• _Exercise goal_
In this exercise, restate the listing word for word.

• _Excerpted records_
————————
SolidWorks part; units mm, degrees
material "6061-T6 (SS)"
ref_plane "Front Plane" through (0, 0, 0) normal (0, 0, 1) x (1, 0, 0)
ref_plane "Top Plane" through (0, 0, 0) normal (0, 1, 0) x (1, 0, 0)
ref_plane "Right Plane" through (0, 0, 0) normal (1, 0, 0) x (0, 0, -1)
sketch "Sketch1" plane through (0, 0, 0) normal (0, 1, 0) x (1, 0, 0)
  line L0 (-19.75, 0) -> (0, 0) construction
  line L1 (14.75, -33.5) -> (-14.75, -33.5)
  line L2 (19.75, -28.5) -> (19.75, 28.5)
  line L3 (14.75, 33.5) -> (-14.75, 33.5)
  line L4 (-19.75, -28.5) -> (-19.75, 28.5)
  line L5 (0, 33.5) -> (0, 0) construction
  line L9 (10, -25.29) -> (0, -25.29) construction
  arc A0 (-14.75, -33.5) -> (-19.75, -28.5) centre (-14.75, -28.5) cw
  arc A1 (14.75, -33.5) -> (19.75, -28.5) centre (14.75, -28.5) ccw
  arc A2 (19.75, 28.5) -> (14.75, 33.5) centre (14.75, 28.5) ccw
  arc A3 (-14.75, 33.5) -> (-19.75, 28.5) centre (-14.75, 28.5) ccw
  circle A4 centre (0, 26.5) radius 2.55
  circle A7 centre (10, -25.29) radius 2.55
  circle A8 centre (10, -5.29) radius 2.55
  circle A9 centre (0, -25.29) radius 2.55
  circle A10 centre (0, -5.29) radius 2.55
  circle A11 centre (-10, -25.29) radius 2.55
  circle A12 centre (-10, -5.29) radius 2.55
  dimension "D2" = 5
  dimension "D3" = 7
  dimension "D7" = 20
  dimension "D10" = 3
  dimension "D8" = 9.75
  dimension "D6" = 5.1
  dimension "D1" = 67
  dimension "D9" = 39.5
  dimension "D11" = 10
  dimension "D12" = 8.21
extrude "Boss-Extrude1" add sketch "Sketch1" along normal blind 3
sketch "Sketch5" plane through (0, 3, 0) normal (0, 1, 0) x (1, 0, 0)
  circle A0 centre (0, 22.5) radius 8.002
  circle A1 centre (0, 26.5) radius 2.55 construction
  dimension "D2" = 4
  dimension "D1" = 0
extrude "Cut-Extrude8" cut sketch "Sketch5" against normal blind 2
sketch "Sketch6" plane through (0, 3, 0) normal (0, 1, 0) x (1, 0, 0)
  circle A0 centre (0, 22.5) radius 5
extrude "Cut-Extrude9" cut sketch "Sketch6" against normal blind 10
————————
• _Output for this task_
SolidWorks part; units mm, degrees
material "6061-T6 (SS)"
ref_plane "Front Plane" through (0, 0, 0) normal (0, 0, 1) x (1, 0, 0)
ref_plane "Top Plane" through (0, 0, 0) normal (0, 1, 0) x (1, 0, 0)
ref_plane "Right Plane" through (0, 0, 0) normal (1, 0, 0) x (0, 0, -1)
sketch "Sketch1" plane through (0, 0, 0) normal (0, 1, 0) x (1, 0, 0)
  line L0 (-19.75, 0) -> (0, 0) construction
  line L1 (14.75, -33.5) -> (-14.75, -33.5)
  line L2 (19.75, -28.5) -> (19.75, 28.5)
  line L3 (14.75, 33.5) -> (-14.75, 33.5)
  line L4 (-19.75, -28.5) -> (-19.75, 28.5)
  line L5 (0, 33.5) -> (0, 0) construction
  line L9 (10, -25.29) -> (0, -25.29) construction
  arc A0 (-14.75, -33.5) -> (-19.75, -28.5) centre (-14.75, -28.5) cw
  arc A1 (14.75, -33.5) -> (19.75, -28.5) centre (14.75, -28.5) ccw
  arc A2 (19.75, 28.5) -> (14.75, 33.5) centre (14.75, 28.5) ccw
  arc A3 (-14.75, 33.5) -> (-19.75, 28.5) centre (-14.75, 28.5) ccw
  circle A4 centre (0, 26.5) radius 2.55
  circle A7 centre (10, -25.29) radius 2.55
  circle A8 centre (10, -5.29) radius 2.55
  circle A9 centre (0, -25.29) radius 2.55
  circle A10 centre (0, -5.29) radius 2.55
  circle A11 centre (-10, -25.29) radius 2.55
  circle A12 centre (-10, -5.29) radius 2.55
  dimension "D2" = 5
  dimension "D3" = 7
  dimension "D7" = 20
  dimension "D10" = 3
  dimension "D8" = 9.75
  dimension "D6" = 5.1
  dimension "D1" = 67
  dimension "D9" = 39.5
  dimension "D11" = 10
  dimension "D12" = 8.21
extrude "Boss-Extrude1" add sketch "Sketch1" along normal blind 3
sketch "Sketch5" plane through (0, 3, 0) normal (0, 1, 0) x (1, 0, 0)
  circle A0 centre (0, 22.5) radius 8.002
  circle A1 centre (0, 26.5) radius 2.55 construction
  dimension "D2" = 4
  dimension "D1" = 0
extrude "Cut-Extrude8" cut sketch "Sketch5" against normal blind 2
sketch "Sketch6" plane through (0, 3, 0) normal (0, 1, 0) x (1, 0, 0)
  circle A0 centre (0, 22.5) radius 5
extrude "Cut-Extrude9" cut sketch "Sketch6" against normal blind 10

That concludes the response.